At the time, I did not have language for what I was learning. Looking back, I see how that moment shaped the way I now sit with others as an end of life doula. It taught me something about presence that words do not reach. Not fixing. Not explaining. Staying close. A hand held. A quiet embrace. Sitting beside someone without needing to fill the silence.
Growing up, prayer was both spoken aloud and held quietly. I can still hear my grandma, my Lola, softly reciting the Rosary. The rhythm of her voice moved through the house, steady and constant. It was not explained. It was lived. Last year, I approached Holy Communion with hesitation, aware of the distance behind me. The church felt familiar in a way I could not ignore. When I stepped forward, it did not feel like I had figured anything out. It felt like I was being received.

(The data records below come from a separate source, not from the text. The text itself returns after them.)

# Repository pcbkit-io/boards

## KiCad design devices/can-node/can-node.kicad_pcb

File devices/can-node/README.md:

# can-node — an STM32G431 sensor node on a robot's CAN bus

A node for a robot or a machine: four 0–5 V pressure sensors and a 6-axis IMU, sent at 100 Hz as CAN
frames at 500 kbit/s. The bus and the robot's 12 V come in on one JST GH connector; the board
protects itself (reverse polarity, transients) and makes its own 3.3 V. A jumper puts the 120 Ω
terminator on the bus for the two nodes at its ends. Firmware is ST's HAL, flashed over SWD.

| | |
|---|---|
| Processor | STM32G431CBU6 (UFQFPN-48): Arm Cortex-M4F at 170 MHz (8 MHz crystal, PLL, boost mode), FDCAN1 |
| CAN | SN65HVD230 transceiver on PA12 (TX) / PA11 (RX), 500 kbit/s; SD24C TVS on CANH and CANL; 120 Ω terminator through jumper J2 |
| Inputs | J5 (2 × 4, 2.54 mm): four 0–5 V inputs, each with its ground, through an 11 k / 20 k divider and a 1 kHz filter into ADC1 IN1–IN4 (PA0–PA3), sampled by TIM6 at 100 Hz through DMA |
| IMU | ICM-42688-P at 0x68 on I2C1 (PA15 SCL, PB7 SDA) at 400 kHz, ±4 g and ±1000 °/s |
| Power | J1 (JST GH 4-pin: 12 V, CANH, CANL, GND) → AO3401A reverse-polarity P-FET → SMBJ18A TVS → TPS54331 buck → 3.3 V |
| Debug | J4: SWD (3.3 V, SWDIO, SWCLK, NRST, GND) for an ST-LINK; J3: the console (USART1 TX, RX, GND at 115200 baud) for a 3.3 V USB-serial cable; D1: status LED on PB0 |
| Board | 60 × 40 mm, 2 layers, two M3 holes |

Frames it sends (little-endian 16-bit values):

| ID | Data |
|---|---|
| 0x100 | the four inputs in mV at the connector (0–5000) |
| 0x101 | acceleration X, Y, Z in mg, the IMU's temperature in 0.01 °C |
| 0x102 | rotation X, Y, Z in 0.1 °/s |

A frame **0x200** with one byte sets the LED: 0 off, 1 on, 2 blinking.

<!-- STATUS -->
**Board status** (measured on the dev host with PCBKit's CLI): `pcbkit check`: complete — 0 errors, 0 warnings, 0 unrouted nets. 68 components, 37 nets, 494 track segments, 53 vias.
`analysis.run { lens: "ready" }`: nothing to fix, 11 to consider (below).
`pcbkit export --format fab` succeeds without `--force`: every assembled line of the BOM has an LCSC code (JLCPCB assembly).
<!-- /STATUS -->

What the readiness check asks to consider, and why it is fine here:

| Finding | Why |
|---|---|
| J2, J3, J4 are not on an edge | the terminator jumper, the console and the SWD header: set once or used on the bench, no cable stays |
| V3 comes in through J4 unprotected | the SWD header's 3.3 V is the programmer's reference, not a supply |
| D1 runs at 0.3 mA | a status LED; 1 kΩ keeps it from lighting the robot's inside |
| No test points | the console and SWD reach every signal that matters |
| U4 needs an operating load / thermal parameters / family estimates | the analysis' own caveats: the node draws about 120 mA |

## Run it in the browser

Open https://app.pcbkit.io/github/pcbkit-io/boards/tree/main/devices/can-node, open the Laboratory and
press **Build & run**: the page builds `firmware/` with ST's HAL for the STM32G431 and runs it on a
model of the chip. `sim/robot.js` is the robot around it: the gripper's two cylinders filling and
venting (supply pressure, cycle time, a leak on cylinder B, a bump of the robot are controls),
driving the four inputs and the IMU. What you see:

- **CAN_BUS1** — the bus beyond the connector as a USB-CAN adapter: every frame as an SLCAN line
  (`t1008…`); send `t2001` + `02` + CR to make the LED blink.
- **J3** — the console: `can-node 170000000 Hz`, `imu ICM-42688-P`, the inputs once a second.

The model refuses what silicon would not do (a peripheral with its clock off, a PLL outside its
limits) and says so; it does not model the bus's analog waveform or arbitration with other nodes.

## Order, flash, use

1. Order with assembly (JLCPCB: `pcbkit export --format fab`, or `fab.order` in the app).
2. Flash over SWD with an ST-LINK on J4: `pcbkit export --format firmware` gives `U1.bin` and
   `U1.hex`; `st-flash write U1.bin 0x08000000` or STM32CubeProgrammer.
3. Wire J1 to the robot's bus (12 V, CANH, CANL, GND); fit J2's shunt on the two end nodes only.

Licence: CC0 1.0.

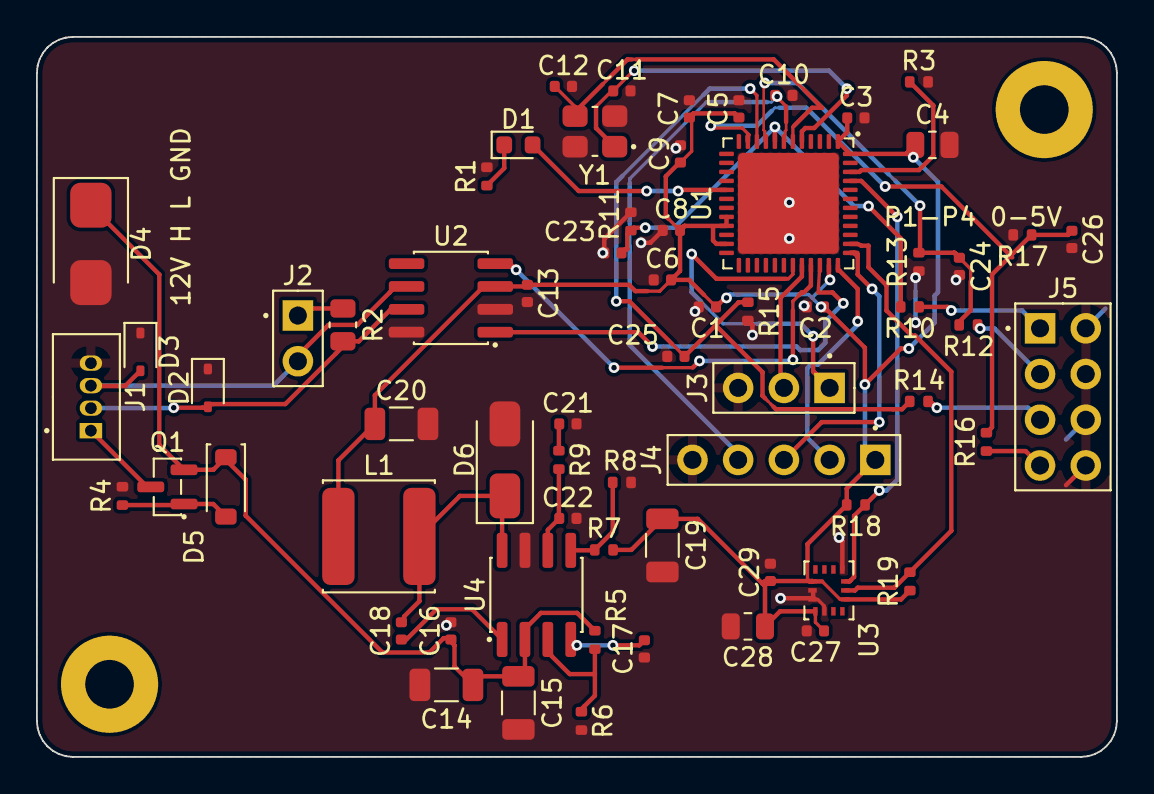
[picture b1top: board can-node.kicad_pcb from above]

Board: 2 copper layers, 60.0 x 40.0 mm, 68 parts (0 on the bottom side), 37 nets.

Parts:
C1, C2, C3, C5, C8, C10, C13, C18, C27: 100nF; C_0402_1005Metric
C4: 4.7uF; C_0805_2012Metric
C6, C16, C17, C29: 10nF; C_0402_1005Metric
C7, C9: 1uF; C_0402_1005Metric
C11, C12: 15pF; C_0402_1005Metric
C14, C15: 4.7uF; C_1206_3216Metric
C19, C20: 47uF; C_1206_3216Metric
C21: 1nF; C_0402_1005Metric
C22: 47pF; C_0402_1005Metric
C23, C24, C25, C26: 22nF; C_0402_1005Metric
C28: 2.2uF; C_0805_2012Metric
D1: green; LED_0603_1608Metric
D2, D3: tvs 24V bidir; D_SOD-323
D4: tvs 18V; D_SMB
D5: zener 5.6V; D_SOD-123
D6: schottky; D_SMA
H1, H2: MountingHole_2.7mm_M2.5_Pad
J1: SM04B-GHS-TB; Conn_WireToBoard_1x04_P1.25mm_THT_Vertical
J2: PinHeader_1x02_P2.54mm_Vertical
J3: PinHeader_1x03_P2.54mm_Vertical
J4: PinHeader_1x05_P2.54mm_Vertical
J5: PinHeader_2x04_P2.54mm_Vertical
L1: 6.8uH; L_Power_6x6mm
Q1: AO3401A; SOT-23
R1: 1kohm; R_0402_1005Metric
R2: 120ohm; R_0805_2012Metric
R3, R18, R19: 10kohm; R_0402_1005Metric
R4: 100kohm; R_0402_1005Metric
R5: 332kohm; R_0402_1005Metric
R6: 68.1kohm; R_0402_1005Metric
R7: 10.2kohm; R_0402_1005Metric
R8: 3.24kohm; R_0402_1005Metric
R9: 29.4kohm; R_0402_1005Metric
R10, R12, R14, R16: 11kohm; R_0402_1005Metric
R11, R13, R15, R17: 20kohm; R_0402_1005Metric
U1: STM32G431CBU6; QFN-48-1EP_7x7mm_P0.5mm_EP5.6x5.6mm
U2: SN65HVD230DR; SOIC-8_3.895x4.905mm_P1.27mm
U3: ICM-42688-P; LGA-14_2.5x3.0x0.91mm_0.5mm_pitch
U4: TPS54331D; SOIC-8_3.9x4.9mm_P1.27mm
Y1: 8MHz 10pF; Crystal_SMD_3225-4Pin

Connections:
A1: C23.1 (a), R10.2 (b), R11.1 (a), U1.8 (PA0)
A2: C24.1 (a), R12.2 (b), R13.1 (a), U1.9 (PA1)
A3: C25.1 (a), R14.1 (a), R15.1 (a), U1.10 (PA2)
A4: C26.1 (a), R16.2 (b), R17.1 (a), U1.11 (PA3)
CANH: D2.2 (A), J1.2, R2.2 (b), U2.7 (CANH)
CANL: D3.2 (A), J1.3, J2.2, U2.6 (CANL)
CAN_RX: U1.33 (PA11), U2.4 (R)
CAN_TX: U1.34 (PA12), U2.1 (D)
GND: C1.2 (b), C2.2 (b), C3.2 (b), C4.2 (b), C5.2 (b), C6.2 (b), C7.2 (b), C8.2 (b), C9.2 (b), C10.2 (b), C11.2 (b), C12.2 (b), C13.2 (b), C14.2 (b), C15.2 (b), C16.2 (b), C17.2 (b), C19.2 (b), C20.2 (b), C21.2 (b), C22.2 (b), C23.2 (b), C24.2 (b), C25.2 (b), C26.2 (b), C27.2 (b), C28.2 (b), C29.2 (b), D2.1 (K), D3.1 (K), D4.2 (A), D6.2 (A), J1.4, J3.3, J4.5, J5.2, J5.4, J5.6, J5.8, R1.2 (b), R3.2 (b), R4.2 (b), R6.2 (b), R8.2 (b), R11.2 (b), R13.2 (b), R15.2 (b), R17.2 (b), U1.49 (VSS), U2.2 (GND), U2.8 (RS), U3.1 (AP_AD0), U3.6 (GND), U3.7 (RESV7), U3.9 (INT2), U4.7 (GND), Y1.2 (GND), Y1.4 (GND)
LED: D1.2 (A), U1.17 (PB0)
LED_K: D1.1 (K), R1.1 (a)
NRST: C10.1 (a), J4.4, U1.7 (PG10)
unnamed: C17.1 (a), U4.4 (SS)
unnamed: C18.1 (a), U4.1 (BOOT)
unnamed: C18.2 (b), D6.1 (K), L1.2 (b), U4.8 (PH)
unnamed: C22.1 (a), R9.2 (b), U4.6 (COMP)
unnamed: R3.1 (a), U1.46 (PB8)
unnamed: R5.2 (b), R6.1 (a), U4.3 (EN)
unnamed: R7.2 (b), R8.1 (a), U4.5 (VSENSE)
P1: J5.1, R10.1 (a)
P2: J5.3, R12.1 (a)
P3: J5.5, R14.2 (b)
P4: J5.7, R16.1 (a)
RX: J3.2, U1.32 (PA10)
SCL: R19.1 (a), U1.38 (PA15), U3.13 (AP_SCL)
SDA: R18.1 (a), U1.45 (PB7), U3.14 (AP_SDA)
SWCLK: J4.3, U1.37 (PA14)
SWDIO: J4.2, U1.36 (PA13)
TERM: J2.1, R2.1 (a)
TX: J3.1, U1.31 (PA9)
U4Support/COMP_RC: C21.1 (a), R9.1 (a)
V3: C1.1 (a), C2.1 (a), C3.1 (a), C4.1 (a), C5.1 (a), C6.1 (a), C7.1 (a), C8.1 (a), C9.1 (a), C13.1 (a), C19.1 (a), C20.1 (a), C27.1 (a), C28.1 (a), C29.1 (a), J4.1, L1.1 (a), R7.1 (a), R18.2 (b), R19.2 (b), U1.1 (VBAT), U1.20 (VREFP), U1.21 (VDDA), U1.23 (VDD), U1.35 (VDD), U1.48 (VDD), U2.3 (VCC), U3.5 (VDDIO), U3.8 (VDD), U3.12 (AP_CS)
V12: C14.1 (a), C15.1 (a), C16.1 (a), D4.1 (K), D5.1 (K), Q1.2 (S), R5.1 (a), U4.2 (VIN)
VIN: J1.1, Q1.3 (D)
XIN: C11.1 (a), U1.5 (PF0), Y1.1 (X1)
XOUT: C12.1 (a), U1.6 (PF1), Y1.3 (X2)
reversed/gate: D5.2 (A), Q1.1 (G), R4.1 (a)

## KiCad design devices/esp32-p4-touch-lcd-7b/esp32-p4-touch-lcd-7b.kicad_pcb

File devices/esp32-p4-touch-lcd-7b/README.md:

# esp32-p4-touch-lcd-7b — Waveshare's ESP32-P4 7" touch board, running PocketJS

Waveshare's [ESP32-P4-WIFI6-Touch-LCD-7B](https://www.waveshare.com/wiki/ESP32-P4-WIFI6-Touch-LCD-7B)
as a PCBKit project: its circuit read from Waveshare's published schematic, its parts where
Waveshare's assembly drawing puts them (the connectors on the same edges, the chips in the same
places), behind the same 7" 1024 × 600 panel. In the app it runs
[PocketJS](https://github.com/pocket-nexus/pocketjs)'s ESP32-P4 host for this board (pull
request #208, MIT) with its stock Feature Cards app: one flash image, published by PCBKit as a
[release of this repository](https://github.com/pcbkit-io/boards/releases/tag/pocketjs-esp32p4-7b-5d4a16b9),
booted by Espressif's ESP32-P4 boot ROM on PCBKit's model of the chip.

| | |
|---|---|
| Processor | ESP32-P4NRW32 (two RISC-V cores at 360 MHz, 32 MB PSRAM in package), GD25Q256 32 MB flash, 40 MHz and 32.768 kHz crystals, a CR1220 for its clock |
| Screen | 7" 1024 × 600 IPS, EK79007 over 2-lane MIPI-DSI (P2, 30 pins), GT911 touch on I2C (J3, 6 pins, GPIO7/8, INT GPIO23); AVDD 9.6 V from an AP3012, VGH and VGL from charge pumps, the backlight from an AP3032 dimmed by GPIO32 |
| Sound | ES8311 codec, NS4150B 3 W amplifier (GPIO53) to the speaker (H7); ES7210 four-channel ADC with two ZTS6117 microphones and the speaker's own signal for echo cancelling; I2S on GPIO9–13 |
| Radio | ESP32-C6-MINI-1 on the P4's second SD/MMC slot (GPIO14–19), its antenna at the top edge |
| Storage | microSD on SD/MMC slot 0 (GPIO39–44), its supply switched by GPIO45 |
| Camera | 15-pin 1 mm MIPI-CSI connector (J2), Raspberry Pi's pinout |
| Ports | RS-485 (SP3485, automatic direction), CAN (TJA1051T/3), I2C through an NDC7002N level shifter, the console's UART, two 12-pin headers of GPIOs (PH2.0) |
| USB | USB-C console (CH343P, automatic boot), USB-C to the P4's full-speed USB, USB-A host (1 A switch) |
| Power | the two USB-C ORed by ideal diodes, a Li-ion cell (IP5306 charger and boost), a slide switch, SY8089 bucks to 3.3 V and to the P4's 1.2 V |
| Board | 165.5 × 98 mm, 6 layers (JLCPCB JLC06161H-3313), four M2.5 holes |

Parts Waveshare uses that JLCPCB did not stock (2026-10-25), each replaced by one doing the same
job: the MP1658 and MP1605 bucks by SY8089s, the DIO7003 load switch by an SY6280, the ETA6098
charger and SCT12A0 boost by an IP5306, the EMH4 dual transistor by two MMBT3904s, the THVD1406 by
an SP3485. The RS-485 gas discharge tube and the 120 Ω termination jumpers are left out.

<!-- STATUS -->
**Board status** (measured on the dev host with PCBKit's CLI): `pcbkit check`: complete — 0 errors,
47 warnings (the DSI, CSI and USB pairs' coupling and skew: the router lays each pair as two
tracks; 26 tracks narrowed to 0.09 mm between the P4's pins; one 3.3 V track's current), 0
unrouted nets. 293 components, 206 nets, 3993 track segments, 852 vias.
`analysis.run { lens: "ready" }`: 17 to fix — the FPC connectors (P2, J3, J2) inside the board, as
the panel's tails and the camera's ribbon reach them from behind; decoupling 3–6 mm from some P4
pins (its 0402s on the back) and 10–14 mm from the C6 and the IP5306; the analysis's estimate of
ground's heating (it gives each ground stub to the plane the board's whole current).
Every assembled line has its LCSC code (110, chosen by stock at JLCPCB, 2026-10-25); `pcbkit export
--format fab` succeeds without `--force`. **JLCPCB has no ESP32-P4 in stock**: send it as a
consigned part.
<!-- /STATUS -->

## Run it in the browser

Open the board and press **Run**: the page fetches the PocketJS image (checked against the
SHA-256 this design declares) and Espressif's ROM, and runs them. Feature Cards comes up in
about seven seconds; tap a card on the screen in 3D and it opens its details. The same release has
PocketJS's Music ("Now Playing") and Chrome apps for this host: put one of their URLs, SHA-256s
and sizes into the processor's `image` to run it instead. The console (H8) shows PocketJS's
log.

What does not run here, and says so:

- **No radio.** The ESP32-C6 is on the board but held in reset: its firmware (ESP-Hosted) does
  not run, so there is no Wi-Fi or Bluetooth. Nothing pretends to be a network.
- **CAN.** PCBKit's ESP32-P4 model has no TWAI controller yet: the TJA1051 stays unconnected
  (the laboratory lists it among its limitations).
- The ES7210 (the microphones), the camera and the RS-485 transceiver have no models yet.

## Order, flash

1. Order with assembly (`pcbkit export --format fab`); the panel plugs into P2 and J3. JLCPCB has
   no ESP32-P4 in stock: send it as a consigned part.
2. Flash over the console's USB-C: `esptool.py --chip esp32p4 write_flash 0
   pocketjs-esp32p4-waveshare-7b-cards-factory.bin` (the CH343P's DTR and RTS put the P4 into
   its boot loader).

Licence: the board CC0 1.0; Waveshare's schematic is its own, read for the circuit (no files of
it here); PocketJS MIT, fetched from the release and never copied into the project.

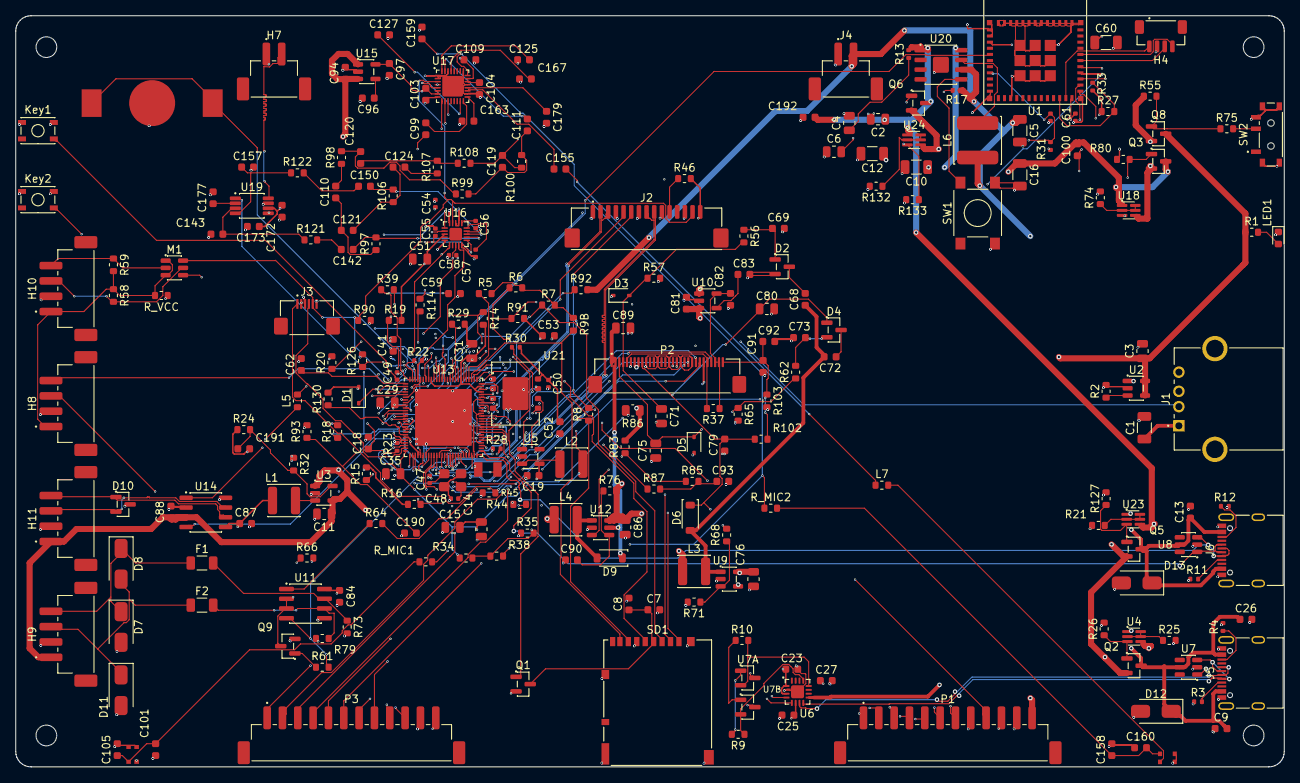
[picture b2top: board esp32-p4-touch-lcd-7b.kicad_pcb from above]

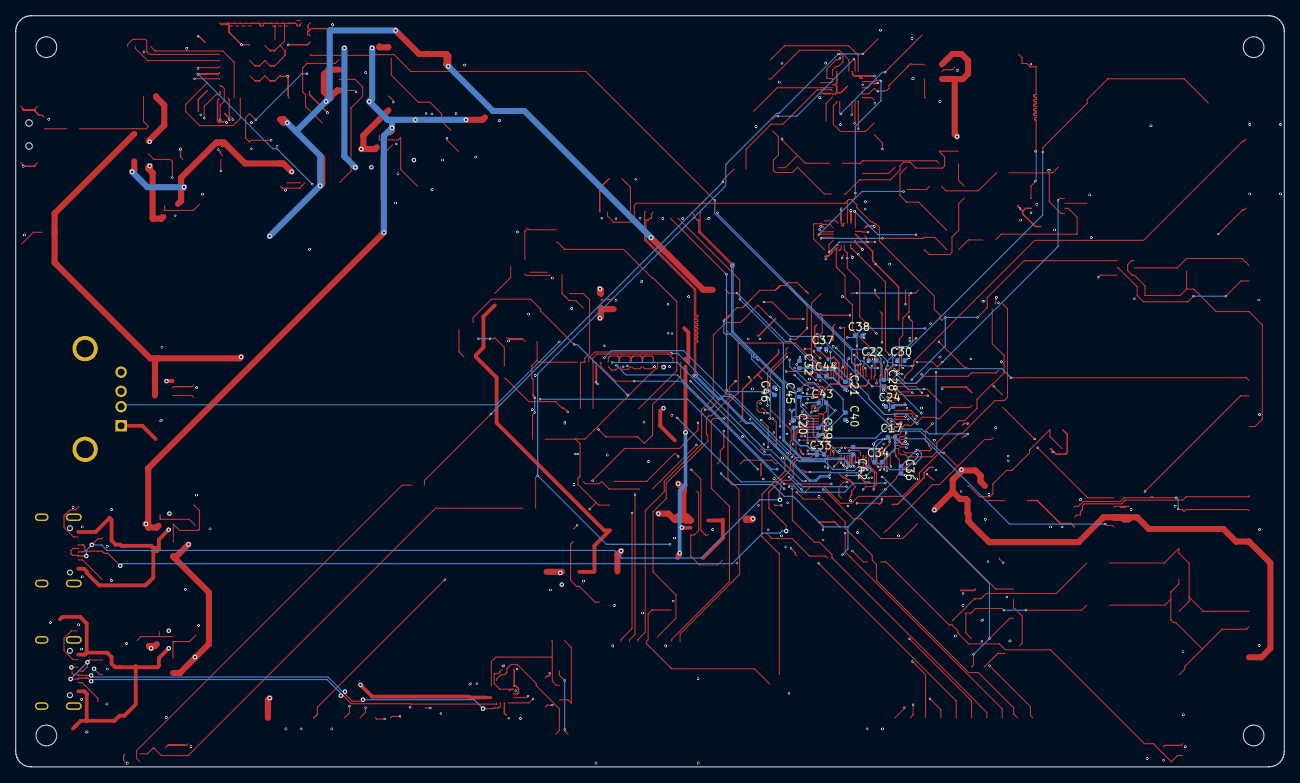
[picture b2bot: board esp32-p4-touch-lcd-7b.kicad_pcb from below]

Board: 6 copper layers, 165.5 x 98.0 mm, 293 parts (21 on the bottom side), 203 nets.

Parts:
BAT1: KH-CR1220-2; BatteryHolder_CR1220_SMD
C1: 100uF; C_1206_3216Metric
C2, C3, C4, C6, C29, C31, C35, C51, C71, C75, C76, C80, C86: 10uF; C_0805_2012Metric
C5, C10, C12, C16, C60: 22uF; C_1206_3216Metric
C7, C18, C19, C52, C92, C94, C97, C172: 10uF; C_0603_1608Metric
C8, C26, C27, C53, C68, C72, C79, C84, C87, C88, C91, C93, C103, C104, C105, C142, C150, C160, C173, C190: 100nF; C_0603_1608Metric
C9, C13, C23, C25, C41, C69, C73, C81, C82, C90, C99, C100, C109, C127, C155, C159, C163, C167, C177, C179, C192: 1uF; C_0603_1608Metric
C11, C14, C15: 22uF; C_0805_2012Metric
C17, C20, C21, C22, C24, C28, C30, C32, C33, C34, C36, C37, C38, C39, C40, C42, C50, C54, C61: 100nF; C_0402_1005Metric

This year, through Confirmation, I said yes with more steadiness. Not because everything made sense, but because something in me was ready to respond. That yes carried into Lent, a season I had never fully entered before, yet one that began to feel familiar. In my work, I enter spaces where time slows and life narrows. I sit with people as they approach death, where breath is counted and words become fewer. I have learned that presence is not about what is said. It is a quiet hand, a gentle squeeze on the shoulder, sitting beside someone who is grieving without needing to speak.
Lent carries that same movement. A stripping away. A quiet naming of what remains when everything else falls back. I have seen this in the final days of life, when there is nothing left to solve, only the choice to remain. Walking through Holy Week, that connection deepened. Christ in the garden, aware of what is ahead. The body resisting. The prayer holding both fear and surrender. I have heard that same tone in voices at the bedside, when someone knows what is coming but has not yet arrived there.
The arrest. The abandonment. The quiet collapse of support.
I have stood in rooms where family members step into the hallway because it is too much. Where presence becomes fragile. Where silence grows heavy. And still, there is the one who must continue forward. The Passion no longer feels distant. It is physical. It is human. Christ does not move around suffering. He enters it fully and remains. When I think of his body being carried, taken down, held, I return to that moment with my mother. The weight of her in my arms. The care it required. The love held inside that act.
Receiving Communion now carries a different weight. It is not only comfort. It holds memory. It holds the cost of what was given. It asks for something in return, not perfection, but presence. Confirmation grounded something in me. Not an ending, but a sending. I feel it in the work I do, in the rooms I enter, in the quiet choice to stay. As Lent comes to a close, I return to that first moment. 2:37am. Her breath. The language we shared without words. Carrying her. What I experienced then, and what I now witness in others, is not separate from my faith.
It is where I meet it.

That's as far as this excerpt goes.